I'd been talking the talk but not walking the walk very well lately and Bruce called me out on it today. He knew I'd had two doughnuts for breakfast and was watching me down a bag of popcorn for lunch, and we all know that's not exactly leading into a balanced diet. But his criticism made me think about what I had been doing lately, and I resolved to reform my habits and get "with the program" so to speak. So I went home this evening and prepared a delicious chicken salad for supper that was within the limits of my food plan and wrote him a note thanking him for getting me to do something about getting back on track. I shared some of my experience, strength and hope with him (as well as the recipe for the salad) and hopefully we'll be "study buddies" on our own roads to better health. I really want to see Bruce succeed with his plans, not for myself but because I know it made me much happier about myself when I did it and I want him to experience the same happiness during the challenge. I know I can't change him, and I don't want to; I can only change myself but sometimes the support through honesty of a good friend is exactly what the doctor ordered.

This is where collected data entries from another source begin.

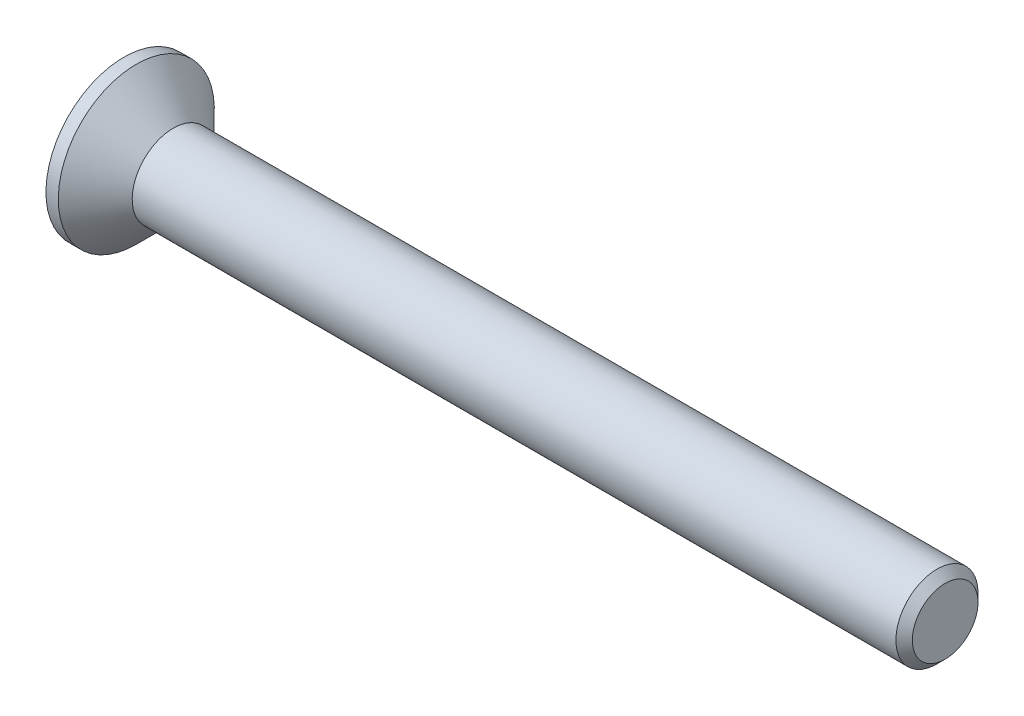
ISO-10303-21;
HEADER;
FILE_DESCRIPTION(('STEP AP214'),'2;1');
FILE_NAME('part.step','',(''),(''),'','','');
FILE_SCHEMA(('AUTOMOTIVE_DESIGN { 1 0 10303 214 1 1 1 1 }'));
ENDSEC;
DATA;
#1=APPLICATION_CONTEXT('core data for automotive mechanical design processes');
#2=APPLICATION_PROTOCOL_DEFINITION('international standard','automotive_design',2000,#1);
#3=PRODUCT_CONTEXT('',#1,'mechanical');
#4=PRODUCT('Part','Part','',(#3));
#5=PRODUCT_RELATED_PRODUCT_CATEGORY('part','',(#4));
#6=PRODUCT_DEFINITION_FORMATION('','',#4);
#7=PRODUCT_DEFINITION_CONTEXT('part definition',#1,'design');
#8=PRODUCT_DEFINITION('design','',#6,#7);
#9=PRODUCT_DEFINITION_SHAPE('','',#8);
#10=(LENGTH_UNIT() NAMED_UNIT(*) SI_UNIT(.MILLI.,.METRE.));
#11=(NAMED_UNIT(*) PLANE_ANGLE_UNIT() SI_UNIT($,.RADIAN.));
#12=(NAMED_UNIT(*) SI_UNIT($,.STERADIAN.) SOLID_ANGLE_UNIT());
#13=UNCERTAINTY_MEASURE_WITH_UNIT(LENGTH_MEASURE(1.E-05),#10,'distance_accuracy_value','');
#14=(GEOMETRIC_REPRESENTATION_CONTEXT(3) GLOBAL_UNCERTAINTY_ASSIGNED_CONTEXT((#13)) GLOBAL_UNIT_ASSIGNED_CONTEXT((#10,
#11,#12)) REPRESENTATION_CONTEXT('',''));
#15=CARTESIAN_POINT('',(0.,0.,0.));
#16=DIRECTION('',(0.,0.,1.));
#17=DIRECTION('',(1.,0.,0.));
#18=AXIS2_PLACEMENT_3D('',#15,#16,#17);
#19=CARTESIAN_POINT('',(0.,0.,0.));
#20=DIRECTION('',(-1.,0.,0.));
#21=DIRECTION('',(0.,-1.,0.));
#22=AXIS2_PLACEMENT_3D('',#19,#20,#21);
#23=CONICAL_SURFACE('',#22,1.,0.78539816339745);
#24=CARTESIAN_POINT('',(-0.899999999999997,0.,0.));
#25=DIRECTION('',(-1.,0.,0.));
#26=DIRECTION('',(0.,-1.,0.));
#27=AXIS2_PLACEMENT_3D('',#24,#25,#26);
#28=CIRCLE('',#27,1.9);
#29=CARTESIAN_POINT('',(-0.899999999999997,-1.9,0.));
#30=VERTEX_POINT('',#29);
#31=EDGE_CURVE('E189',#30,#30,#28,.T.);
#32=ORIENTED_EDGE('',*,*,#31,.F.);
#33=EDGE_LOOP('',(#32));
#34=FACE_BOUND('',#33,.T.);
#35=CARTESIAN_POINT('',(0.,0.,0.));
#36=DIRECTION('',(-1.,0.,0.));
#37=DIRECTION('',(0.,-1.,0.));
#38=AXIS2_PLACEMENT_3D('',#35,#36,#37);
#39=CIRCLE('',#38,1.);
#40=CARTESIAN_POINT('',(0.,-1.,0.));
#41=VERTEX_POINT('',#40);
#42=EDGE_CURVE('E212',#41,#41,#39,.T.);
#43=ORIENTED_EDGE('',*,*,#42,.T.);
#44=EDGE_LOOP('',(#43));
#45=FACE_BOUND('',#44,.T.);
#46=ADVANCED_FACE('F33',(#34,#45),#23,.T.);
#47=CARTESIAN_POINT('',(-1.2,0.,0.));
#48=DIRECTION('',(-1.,0.,0.));
#49=DIRECTION('',(0.,-1.,0.));
#50=AXIS2_PLACEMENT_3D('',#47,#48,#49);
#51=CYLINDRICAL_SURFACE('',#50,1.);
#52=CARTESIAN_POINT('',(18.6,0.,0.));
#53=DIRECTION('',(-1.,0.,0.));
#54=DIRECTION('',(0.,-1.,0.));
#55=AXIS2_PLACEMENT_3D('',#52,#53,#54);
#56=CIRCLE('',#55,1.);
#57=CARTESIAN_POINT('',(18.6,-1.,0.));
#58=VERTEX_POINT('',#57);
#59=EDGE_CURVE('E41',#58,#58,#56,.T.);
#60=ORIENTED_EDGE('',*,*,#59,.T.);
#61=EDGE_LOOP('',(#60));
#62=FACE_BOUND('',#61,.T.);
#63=ORIENTED_EDGE('',*,*,#42,.F.);
#64=EDGE_LOOP('',(#63));
#65=FACE_BOUND('',#64,.T.);
#66=ADVANCED_FACE('F217',(#62,#65),#51,.T.);
#67=CARTESIAN_POINT('',(18.8,0.,0.));
#68=DIRECTION('',(-1.,0.,0.));
#69=DIRECTION('',(0.,-1.,0.));
#70=AXIS2_PLACEMENT_3D('',#67,#68,#69);
#71=PLANE('',#70);
#72=CARTESIAN_POINT('',(18.8,0.,0.));
#73=DIRECTION('',(-1.,0.,0.));
#74=DIRECTION('',(0.,-1.,0.));
#75=AXIS2_PLACEMENT_3D('',#72,#73,#74);
#76=CIRCLE('',#75,0.799999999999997);
#77=CARTESIAN_POINT('',(18.8,-0.799999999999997,0.));
#78=VERTEX_POINT('',#77);
#79=EDGE_CURVE('E11',#78,#78,#76,.F.);
#80=ORIENTED_EDGE('',*,*,#79,.T.);
#81=EDGE_LOOP('',(#80));
#82=FACE_BOUND('',#81,.T.);
#83=ADVANCED_FACE('F239',(#82),#71,.F.);
#84=CARTESIAN_POINT('',(-1.2,1.9,0.));
#85=DIRECTION('',(1.,0.,0.));
#86=DIRECTION('',(0.,1.,0.));
#87=AXIS2_PLACEMENT_3D('',#84,#85,#86);
#88=PLANE('',#87);
#89=DIRECTION('',(0.,0.,-1.));
#90=VECTOR('',#89,1.);
#91=CARTESIAN_POINT('',(-1.2,0.3,-1.175));
#92=LINE('',#91,#90);
#93=CARTESIAN_POINT('',(-1.2,0.3,-0.3));
#94=VERTEX_POINT('',#93);
#95=CARTESIAN_POINT('',(-1.2,0.3,-1.175));
#96=VERTEX_POINT('',#95);
#97=EDGE_CURVE('E158',#94,#96,#92,.T.);
#98=ORIENTED_EDGE('',*,*,#97,.F.);
#99=DIRECTION('',(0.,-1.,0.));
#100=VECTOR('',#99,1.);
#101=CARTESIAN_POINT('',(-1.2,0.3,-0.3));
#102=LINE('',#101,#100);
#103=CARTESIAN_POINT('',(-1.2,1.175,-0.3));
#104=VERTEX_POINT('',#103);
#105=EDGE_CURVE('E48',#104,#94,#102,.T.);
#106=ORIENTED_EDGE('',*,*,#105,.F.);
#107=DIRECTION('',(0.,0.,-1.));
#108=VECTOR('',#107,1.);
#109=CARTESIAN_POINT('',(-1.2,1.175,-0.3));
#110=LINE('',#109,#108);
#111=CARTESIAN_POINT('',(-1.2,1.175,0.3));
#112=VERTEX_POINT('',#111);
#113=EDGE_CURVE('E185',#112,#104,#110,.T.);
#114=ORIENTED_EDGE('',*,*,#113,.F.);
#115=DIRECTION('',(0.,1.,0.));
#116=VECTOR('',#115,1.);
#117=CARTESIAN_POINT('',(-1.2,1.175,0.3));
#118=LINE('',#117,#116);
#119=CARTESIAN_POINT('',(-1.2,0.3,0.3));
#120=VERTEX_POINT('',#119);
#121=EDGE_CURVE('E183',#120,#112,#118,.T.);
#122=ORIENTED_EDGE('',*,*,#121,.F.);
#123=DIRECTION('',(0.,0.,-1.));
#124=VECTOR('',#123,1.);
#125=CARTESIAN_POINT('',(-1.2,0.3,0.3));
#126=LINE('',#125,#124);
#127=CARTESIAN_POINT('',(-1.2,0.3,1.175));
#128=VERTEX_POINT('',#127);
#129=EDGE_CURVE('E132',#128,#120,#126,.T.);
#130=ORIENTED_EDGE('',*,*,#129,.F.);
#131=DIRECTION('',(0.,1.,0.));
#132=VECTOR('',#131,1.);
#133=CARTESIAN_POINT('',(-1.2,0.3,1.175));
#134=LINE('',#133,#132);
#135=CARTESIAN_POINT('',(-1.2,-0.3,1.175));
#136=VERTEX_POINT('',#135);
#137=EDGE_CURVE('E179',#136,#128,#134,.T.);
#138=ORIENTED_EDGE('',*,*,#137,.F.);
#139=DIRECTION('',(0.,0.,1.));
#140=VECTOR('',#139,1.);
#141=CARTESIAN_POINT('',(-1.2,-0.3,1.175));
#142=LINE('',#141,#140);
#143=CARTESIAN_POINT('',(-1.2,-0.3,0.3));
#144=VERTEX_POINT('',#143);
#145=EDGE_CURVE('E176',#144,#136,#142,.T.);
#146=ORIENTED_EDGE('',*,*,#145,.F.);
#147=DIRECTION('',(0.,1.,0.));
#148=VECTOR('',#147,1.);
#149=CARTESIAN_POINT('',(-1.2,-0.3,0.3));
#150=LINE('',#149,#148);
#151=CARTESIAN_POINT('',(-1.2,-1.175,0.3));
#152=VERTEX_POINT('',#151);
#153=EDGE_CURVE('E173',#152,#144,#150,.T.);
#154=ORIENTED_EDGE('',*,*,#153,.F.);
#155=DIRECTION('',(0.,0.,1.));
#156=VECTOR('',#155,1.);
#157=CARTESIAN_POINT('',(-1.2,-1.175,0.3));
#158=LINE('',#157,#156);
#159=CARTESIAN_POINT('',(-1.2,-1.175,-0.3));
#160=VERTEX_POINT('',#159);
#161=EDGE_CURVE('E170',#160,#152,#158,.T.);
#162=ORIENTED_EDGE('',*,*,#161,.F.);
#163=DIRECTION('',(0.,-1.,0.));
#164=VECTOR('',#163,1.);
#165=CARTESIAN_POINT('',(-1.2,-1.175,-0.3));
#166=LINE('',#165,#164);
#167=CARTESIAN_POINT('',(-1.2,-0.3,-0.3));
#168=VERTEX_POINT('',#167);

So what did I do that might qualify as "fixing something?" I
helped a man who's having a tough time reforming a habit that if it continues,
may kill him, and shared what experience, strength and hope I may have
to offer to someone else. I was honest about making amends for being
intellectually dishonest about my own eating habits as well, and apologized
for being such a grunt. I also made the offer of support to him, though
whether he decides to take it or not is entirely up to him. As usual,
my HP of my understanding will decide the when and the where ;) and He
has an extraordinarily juvenile sense of humor, lol!
I crouched amidst a garden blooming bright.
A fool and blinded by my tears, I did
Not see the fledgling tumble from her height,
But at her feeble chirping, sorrow hid.
Approaching soft, I cupped my hands about
The tiny form and breathed kind words to calm
Her frantic heart and to dispel all doubt
While holding life so fragile in my palm.
Once still, I held the wingéd babe up high,
Returning child to nest and parents dear.
She raised her voice in grateful song goodbye
And as she bid farewell, she checked my tears.
So strange that helping one so weak would bring
About my spirit's change from cold to spring.
My friend Karyn, for as long as I've known her, was never exactly the most
happy person of the bunch. Sure, she would act happy, but then sometimes she
would get really depressed.
Unfortunately for all her friends, Karyn is a cutter, and bi-polar as well. Over the years, it's turned out that I'm the only person that can really get her to stop cutting, even for a few weeks. So every time she gets depressed enough to cut, she comes to me, and I talk to her and help her feel better, make her realize why she doesn't need to cut.
For all I know, I may've saved her life a few times. But she always knows she can come to me if she needs help. And every time she comes to me, I always help her. It may not be much, but to her, it's the world and more. That's the biggest thing I've ever fixed.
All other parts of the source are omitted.